Dass ein Gegenstand sich dadurch verändert und unbegreiflicher wird, dass man ihn ansieht, wird für Ed Crane wie für den gesamten Film zum Programm. Schließlich betrachtet er 116 unhektische Minuten lang noch einmal sein Leben, mal in stolpernden Rückblenden, die in absurden Kuchenwettessen und anderen Bauernspielen enden, mal in Männerfantasien, die im Klavierspiel des Nachbarkindes Birdy (Scarlet Johansson) den Lockruf der Unschuld vernehmen.

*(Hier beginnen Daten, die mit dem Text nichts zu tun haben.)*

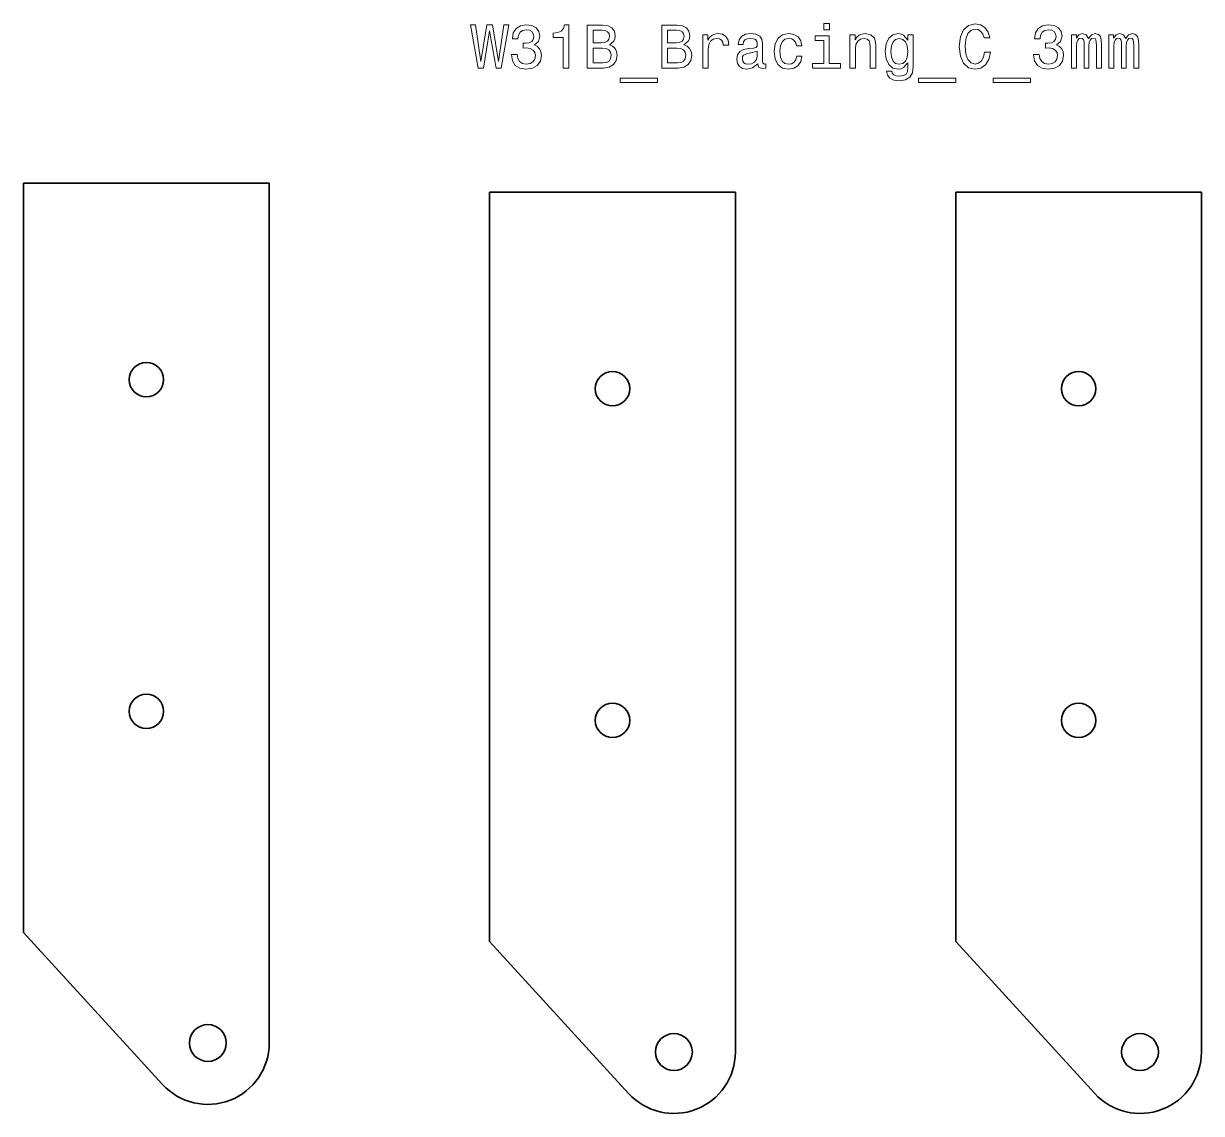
# Model space of a CAD drawing. Extents: x 0 to 400, y 0 to 350.
# Drawn here: x 193.1 to 288.9, y 82.7 to 171.4 of the extents above; entities that cross this region are included whole.
import ezdxf

# ---------------------------------------------------------------- set-up
doc = ezdxf.new("R2010")
doc.units = 0

msp = doc.modelspace()

# ---------------------------------------------------------------- linework, layer by layer
at = {"color": 7, "lineweight": 35}
for p, q in [((193.057022, 158.410828), (193.057022, 97.41082)), ((193.057022, 158.410828), (213.057022, 158.410828)), ((213.057022, 88.41082), (213.057022, 158.410828)), ((230.993515, 157.674194), (230.993515, 96.674194)), ((230.993515, 157.674194), (250.993515, 157.674194)), ((250.993515, 87.674194), (250.993515, 157.674194)), ((268.930054, 157.674194), (268.930054, 96.674194)), ((268.930054, 157.674194), (288.930054, 157.674194)), ((288.930054, 87.674194), (288.930054, 157.674194)), ((204.366379, 85.037521), (193.057022, 97.41082)), ((242.302872, 84.300896), (230.993515, 96.674194)), ((280.23941, 84.300896), (268.930054, 96.674194))]:
    msp.add_line(p, q, dxfattribs=at)
at = {"color": 7, "lineweight": 13}
for points in [[(230.046219, 167.780014), (230.490036, 167.780014), (230.994354, 170.81604), (231.513809, 167.780014), (231.937439, 167.780014), (232.552704, 171.285065), (232.149246, 171.285065), (231.71553, 168.304504), (231.216248, 171.285065), (230.777496, 171.285065), (230.2883, 168.304504), (229.854584, 171.285065), (229.44104, 171.285065)], [(232.764526, 168.87944), (232.764526, 168.844131), (232.845215, 168.359985), (233.082245, 167.996872), (233.455444, 167.764877), (233.949677, 167.679153), (234.474182, 167.764877), (234.867554, 167.986786), (235.11972, 168.339813), (235.210495, 168.793701), (235.170151, 169.091248), (235.059189, 169.333328), (234.87764, 169.519928), (234.635559, 169.656097), (234.963379, 169.928436), (235.079361, 170.362152), (235.003723, 170.755524), (234.786865, 171.05307), (234.433838, 171.23967), (233.949677, 171.305237), (233.495789, 171.224533), (233.147812, 171.00264), (232.920868, 170.649612), (232.845215, 170.180588), (232.845215, 170.145294), (233.294067, 170.145294), (233.334412, 170.468048), (233.46553, 170.700043), (233.677353, 170.841248), (233.974899, 170.891693), (234.237152, 170.851334), (234.428787, 170.745438), (234.544785, 170.573959), (234.590179, 170.34198), (234.544785, 170.094849), (234.423752, 169.928436), (234.211929, 169.82756), (233.924469, 169.797302), (233.727783, 169.802353), (233.727783, 169.403931), (233.974899, 169.414017), (234.292618, 169.368637), (234.529663, 169.247589), (234.670868, 169.050903), (234.721298, 168.793701), (234.665817, 168.50119), (234.519562, 168.284332), (234.287582, 168.148163), (233.97995, 168.102783), (233.662216, 168.153214), (233.430237, 168.304504), (233.283981, 168.546585), (233.2285, 168.87944)], [(236.980667, 167.780014), (237.43959, 167.780014), (237.43959, 171.305237), (237.096664, 171.305237), (237.005875, 170.997589), (236.824326, 170.790817), (236.546951, 170.669785), (236.163666, 170.62944), (236.163666, 170.271362), (236.980667, 170.271362)], [(240.737869, 169.671219), (241.090897, 169.96373), (241.181671, 170.160416), (241.211929, 170.402496), (241.146362, 170.780731), (240.949677, 171.05307), (240.631958, 171.219498), (240.188156, 171.280014), (238.942474, 171.280014), (238.942474, 167.780014), (240.258759, 167.780014), (240.727783, 167.850616), (241.07576, 168.057388), (241.292618, 168.385208), (241.368271, 168.82901), (241.322876, 169.126556), (241.201843, 169.373672), (241.005157, 169.555237)], [(240.092331, 169.82756), (239.406464, 169.82756), (239.406464, 170.86142), (240.132675, 170.86142), (240.405014, 170.831161), (240.596664, 170.740387), (240.712646, 170.584045), (240.752991, 170.352066), (240.707611, 170.120071), (240.586578, 169.958694), (240.379807, 169.857819)], [(246.809921, 169.671219), (247.162933, 169.96373), (247.253723, 170.160416), (247.283981, 170.402496), (247.218414, 170.780731), (247.021729, 171.05307), (246.70401, 171.219498), (246.260208, 171.280014), (245.014526, 171.280014), (245.014526, 167.780014), (246.330811, 167.780014), (246.799835, 167.850616), (247.147812, 168.057388), (247.36467, 168.385208), (247.440323, 168.82901), (247.394928, 169.126556), (247.273895, 169.373672), (247.077209, 169.555237)], [(246.164383, 169.82756), (245.4785, 169.82756), (245.4785, 170.86142), (246.204727, 170.86142), (246.477066, 170.831161), (246.668701, 170.740387), (246.784698, 170.584045), (246.825043, 170.352066), (246.779663, 170.120071), (246.658615, 169.958694), (246.451843, 169.857819)], [(258.651428, 171.401047), (258.182404, 171.401047), (258.182404, 170.896729), (258.651428, 170.896729)], [(271.284698, 169.081161), (271.183838, 168.657532), (271.017395, 168.354935), (270.7854, 168.168335), (270.513092, 168.107819), (270.185272, 168.198608), (269.92807, 168.470932), (269.756592, 168.914734), (269.701111, 169.530014), (269.756592, 170.140244), (269.923035, 170.589096), (270.180237, 170.86142), (270.513092, 170.957245), (270.755157, 170.906815), (270.961914, 170.76561), (271.123322, 170.538666), (271.234253, 170.225983), (271.713379, 170.225983), (271.562073, 170.705093), (271.299835, 171.068192), (270.941772, 171.295151), (270.513092, 171.375839), (269.978516, 171.249756), (269.570007, 170.896729), (269.307739, 170.316757), (269.21698, 169.530014), (269.307739, 168.743271), (269.570007, 168.1633), (269.978516, 167.805237), (270.513092, 167.684189), (270.982117, 167.780014), (271.360352, 168.047302), (271.627625, 168.486069), (271.76886, 169.081161)], [(275.26886, 168.87944), (275.26886, 168.844131), (275.349548, 168.359985), (275.586578, 167.996872), (275.959778, 167.764877), (276.45401, 167.679153), (276.978485, 167.764877), (277.371857, 167.986786), (277.624023, 168.339813), (277.714813, 168.793701), (277.674469, 169.091248), (277.563507, 169.333328), (277.381958, 169.519928), (277.139893, 169.656097), (277.467682, 169.928436), (277.583679, 170.362152), (277.508026, 170.755524), (277.291168, 171.05307), (276.938141, 171.23967), (276.45401, 171.305237), (276.000122, 171.224533), (275.65213, 171.00264), (275.425171, 170.649612), (275.349548, 170.180588), (275.349548, 170.145294), (275.79837, 170.145294), (275.838715, 170.468048), (275.969849, 170.700043), (276.181671, 170.841248), (276.479218, 170.891693), (276.741455, 170.851334), (276.933105, 170.745438), (277.049103, 170.573959), (277.094482, 170.34198), (277.049103, 170.094849), (276.92807, 169.928436), (276.716248, 169.82756), (276.428772, 169.797302), (276.232086, 169.802353), (276.232086, 169.403931), (276.479218, 169.414017), (276.796936, 169.368637), (277.033966, 169.247589), (277.175171, 169.050903), (277.225616, 168.793701), (277.170135, 168.50119), (277.023895, 168.284332), (276.791901, 168.148163), (276.484253, 168.102783), (276.166534, 168.153214), (275.93454, 168.304504), (275.7883, 168.546585), (275.732819, 168.87944)], [(248.338013, 167.780014), (248.781815, 167.780014), (248.781815, 169.328278), (248.827209, 169.701477), (248.963379, 169.968781), (249.185272, 170.130157), (249.482819, 170.185638), (249.704727, 170.15033), (249.871155, 170.049469), (249.972015, 169.877991), (250.007324, 169.646011), (250.456177, 169.646011), (250.395645, 170.054504), (250.229218, 170.347015), (249.951843, 170.523529), (249.573608, 170.584045), (249.316406, 170.543701), (249.094498, 170.442841), (248.897812, 170.271362), (248.74147, 170.039383), (248.74147, 170.48822), (248.338013, 170.48822)], [(252.816406, 168.133041), (252.816406, 168.117905), (252.841614, 167.946442), (252.917267, 167.825409), (253.234985, 167.729584), (253.482101, 167.769928), (253.482101, 168.112869), (253.37619, 168.097733), (253.234985, 168.1633), (253.209778, 168.365036), (253.209778, 169.767044), (253.149261, 170.125122), (252.972748, 170.377274), (252.6651, 170.52858), (252.231384, 170.584045), (251.807755, 170.523529), (251.495071, 170.352066), (251.298386, 170.084763), (251.232819, 169.73175), (251.232819, 169.701477), (251.631241, 169.701477), (251.66655, 169.9133), (251.777496, 170.06459), (251.959045, 170.15538), (252.216248, 170.190674), (252.463379, 170.165466), (252.639893, 170.089813), (252.745789, 169.958694), (252.781097, 169.77713), (252.760925, 169.565323), (252.680237, 169.459412), (252.4785, 169.408981), (252.100266, 169.368637), (251.66655, 169.277847), (251.358902, 169.11647), (251.177353, 168.864304), (251.121872, 168.491104), (251.172302, 168.158249), (251.328644, 167.911133), (251.580811, 167.754791), (251.928787, 167.699326), (252.397812, 167.805237)], [(255.968414, 169.59053), (256.407166, 169.59053), (256.316406, 169.993988), (256.099548, 170.311722), (255.761642, 170.508408), (255.322876, 170.584045), (254.83873, 170.483185), (254.470581, 170.20076), (254.238586, 169.741837), (254.157898, 169.126556), (254.233551, 168.516327), (254.460495, 168.062439), (254.818558, 167.780014), (255.307755, 167.684189), (255.74147, 167.759842), (256.079376, 167.971649), (256.31134, 168.304504), (256.412231, 168.748306), (255.988586, 168.748306), (255.912933, 168.465897), (255.771729, 168.254074), (255.570007, 168.122955), (255.322876, 168.082611), (255.015244, 168.148163), (254.79335, 168.349899), (254.657181, 168.677704), (254.611786, 169.141693), (254.657181, 169.595581), (254.798386, 169.923386), (255.02533, 170.125122), (255.322876, 170.195724), (255.585129, 170.15033), (255.781815, 170.034332), (255.912933, 169.842697)], [(258.636292, 168.153214), (258.636292, 170.397446), (257.496521, 170.397446), (257.496521, 170.019211), (258.192474, 170.019211), (258.192474, 168.153214), (257.284698, 168.153214), (257.284698, 167.780014), (259.554138, 167.780014), (259.554138, 168.153214)], [(260.315674, 167.780014), (260.759491, 167.780014), (260.759491, 169.343414), (260.804871, 169.701477), (260.951111, 169.96373), (261.17807, 170.125122), (261.480652, 170.185638), (261.722748, 170.135208), (261.874023, 169.999039), (261.949677, 169.772095), (261.974915, 169.469498), (261.974915, 167.780014), (262.418701, 167.780014), (262.418701, 169.560272), (262.398529, 169.918335), (262.307739, 170.215897), (262.010193, 170.48822), (261.546234, 170.584045), (261.289032, 170.548752), (261.072174, 170.452927), (260.885559, 170.291534), (260.739319, 170.074677), (260.739319, 170.48822), (260.315674, 170.48822)], [(265.459778, 167.901047), (265.459778, 170.48822), (265.036133, 170.48822), (265.036133, 170.049469), (264.688171, 170.447876), (264.476349, 170.548752), (264.239319, 170.584045), (263.810638, 170.483185), (263.477783, 170.20076), (263.260925, 169.746872), (263.185272, 169.136642), (263.260925, 168.521362), (263.477783, 168.067474), (263.810638, 167.780014), (264.239319, 167.684189), (264.481384, 167.719498), (264.683105, 167.810272), (265.036133, 168.193558), (265.036133, 167.810272), (264.995789, 167.507675), (264.884827, 167.290817), (264.673035, 167.164734), (264.355286, 167.119354), (264.077911, 167.149612), (263.881226, 167.225266), (263.765259, 167.356384), (263.72995, 167.532898), (263.30127, 167.532898), (263.30127, 167.512726), (263.366821, 167.189957), (263.568542, 166.947876), (263.891327, 166.791534), (264.330078, 166.736069), (264.854584, 166.811722), (265.202576, 167.023529), (265.399261, 167.391693)], [(263.644196, 169.136642), (263.689606, 169.585495), (263.825775, 169.918335), (264.037567, 170.115021), (264.320007, 170.185638), (264.617554, 170.115021), (264.839447, 169.918335), (264.975616, 169.585495), (265.026062, 169.136642), (264.975616, 168.677704), (264.839447, 168.349899), (264.617554, 168.148163), (264.320007, 168.082611), (264.037567, 168.148163), (263.825775, 168.349899), (263.689606, 168.682755)], [(278.355286, 167.780014), (278.763794, 167.780014), (278.763794, 169.59053), (278.789001, 169.862869), (278.864655, 170.059555), (278.980652, 170.175552), (279.131958, 170.220932), (279.252991, 170.180588), (279.333679, 170.079727), (279.374023, 169.908249), (279.38916, 169.681305), (279.38916, 167.780014), (279.772461, 167.780014), (279.772461, 169.59053), (279.797668, 169.857819), (279.873322, 170.054504), (279.994354, 170.175552), (280.14563, 170.220932), (280.266693, 170.180588), (280.347382, 170.079727), (280.397797, 169.681305), (280.397797, 167.780014), (280.806305, 167.780014), (280.806305, 169.651047), (280.781097, 170.039383), (280.700409, 170.336929), (280.539001, 170.518494), (280.276764, 170.584045), (279.969116, 170.483185), (279.732086, 170.190674), (279.545502, 170.478134), (279.232819, 170.584045), (278.945343, 170.483185), (278.748657, 170.20076), (278.748657, 170.48822), (278.355286, 170.48822)], [(281.391327, 167.780014), (281.799805, 167.780014), (281.799805, 169.59053), (281.825043, 169.862869), (281.900696, 170.059555), (282.016663, 170.175552), (282.167969, 170.220932), (282.289001, 170.180588), (282.36969, 170.079727), (282.410065, 169.908249), (282.425171, 169.681305), (282.425171, 167.780014), (282.808472, 167.780014), (282.808472, 169.59053), (282.833679, 169.857819), (282.909332, 170.054504), (283.030365, 170.175552), (283.181671, 170.220932), (283.302704, 170.180588), (283.383392, 170.079727), (283.433838, 169.681305), (283.433838, 167.780014), (283.842316, 167.780014), (283.842316, 169.651047), (283.817108, 170.039383), (283.73642, 170.336929), (283.575043, 170.518494), (283.312805, 170.584045), (283.005157, 170.483185), (282.768127, 170.190674), (282.581512, 170.478134), (282.268829, 170.584045), (281.981384, 170.483185), (281.784698, 170.20076), (281.784698, 170.48822), (281.391327, 170.48822)], [(240.203293, 168.198608), (239.406464, 168.198608), (239.406464, 169.403931), (240.157898, 169.403931), (240.475616, 169.368637), (240.70256, 169.262726), (240.83873, 169.081161), (240.884125, 168.818924), (240.83873, 168.541534), (240.712646, 168.349899), (240.500839, 168.233902)], [(246.27533, 168.198608), (245.4785, 168.198608), (245.4785, 169.403931), (246.22995, 169.403931), (246.547668, 169.368637), (246.774612, 169.262726), (246.910782, 169.081161), (246.956177, 168.818924), (246.910782, 168.541534), (246.784698, 168.349899), (246.572876, 168.233902)], [(252.765961, 168.728134), (252.705444, 168.465897), (252.544067, 168.26416), (252.301987, 168.133041), (252.00444, 168.087646), (251.812805, 168.112869), (251.676636, 168.193558), (251.590897, 168.334763), (251.565674, 168.531448), (251.585846, 168.707962), (251.66655, 168.834045), (251.989319, 168.975266), (252.397812, 169.035782), (252.765961, 169.156815)], [(241.625473, 166.942841), (241.625473, 166.589813), (244.661499, 166.589813), (244.661499, 166.942841)], [(265.913666, 166.942841), (265.913666, 166.589813), (268.949677, 166.589813), (268.949677, 166.942841)], [(271.985718, 166.942841), (271.985718, 166.589813), (275.021729, 166.589813), (275.021729, 166.942841)]]:
    msp.add_lwpolyline(points, close=True, dxfattribs=at)
at = {"color": 7, "lineweight": 35}
for centre, radius in [((203.057022, 142.410828), 1.4), ((240.993515, 141.674194), 1.4), ((278.930054, 141.674194), 1.4), ((203.057022, 115.41082), 1.4), ((240.993515, 114.674194), 1.4), ((278.930054, 114.674194), 1.4), ((208.057022, 88.41082), 1.5), ((245.993515, 87.674194), 1.5), ((283.930054, 87.674194), 1.5)]:
    msp.add_circle(centre, radius, dxfattribs=at)
for centre in [(208.057022, 88.41082), (245.993515, 87.674194), (283.930054, 87.674194)]:
    msp.add_arc(centre, 5, 222.427723, 360, dxfattribs=at)

doc.saveas('drawing.dxf')

„The Man Who Wasn’t There“ ist eine ebenso durchstilisierte wie kluge Variation auf die Melancholie und den Existenzialismus der Schwarzen Serie. In ruhigen Einstellungen erzählen die Coen-Brüder die Passionsgeschichte ihres Nobodys. Dabei zitieren sie, schaffen Abbilder von Abbildern und führen Struktur und Muster des geplünderten Genres liebevoll und präzise vor. Jede Einstellung gleicht dann einer Schwarzweißpostkarte, in der Crane, der zum triebgesteuerten Kapitalverbrecher und Halbwelthelden einfach nicht taugen will, der einzige Fehler im Bild ist. Ein verrutschtes Abbild, das sich selbst nur zum Fluch wird. Crane, der sich nur im Rasierspiegel wahrzunehmen scheint, ist eine perfekte Reflektorfigur für den amerikanischen Jedermann. Je knapper sein Spiel ausfällt, desto länger werden die Voice-over-Monologe. Im Off wird er zum Objekt seiner eigenen erzählerischen Ironie oder seines eigenen Mitleids. Entsprechend changiert er zwischen einem verkappten Helden kleinbürgerlichen Protests und einem schmucklosen Opfer der Umstände. Viel Zeit bleibt ihm dabei allerdings nicht mehr. Und so redet er jetzt langsam doch und immer mehr. Gegen das eigene Verschwinden, gegen die Abblende und klammert sich an genau das Leben, das ihm einmal so lästig war. BIRGIT GLOMBITZA

„The Man Who Wasn’t There“. Regie: Joel Coen. Buch: Joel und Ethan Coen. Mit Billy Bob Thornton, Frances McDormand, James Gandolfini, Katherine Borowitz, Scarlet Johansson u. a. USA 2000, 116 Min.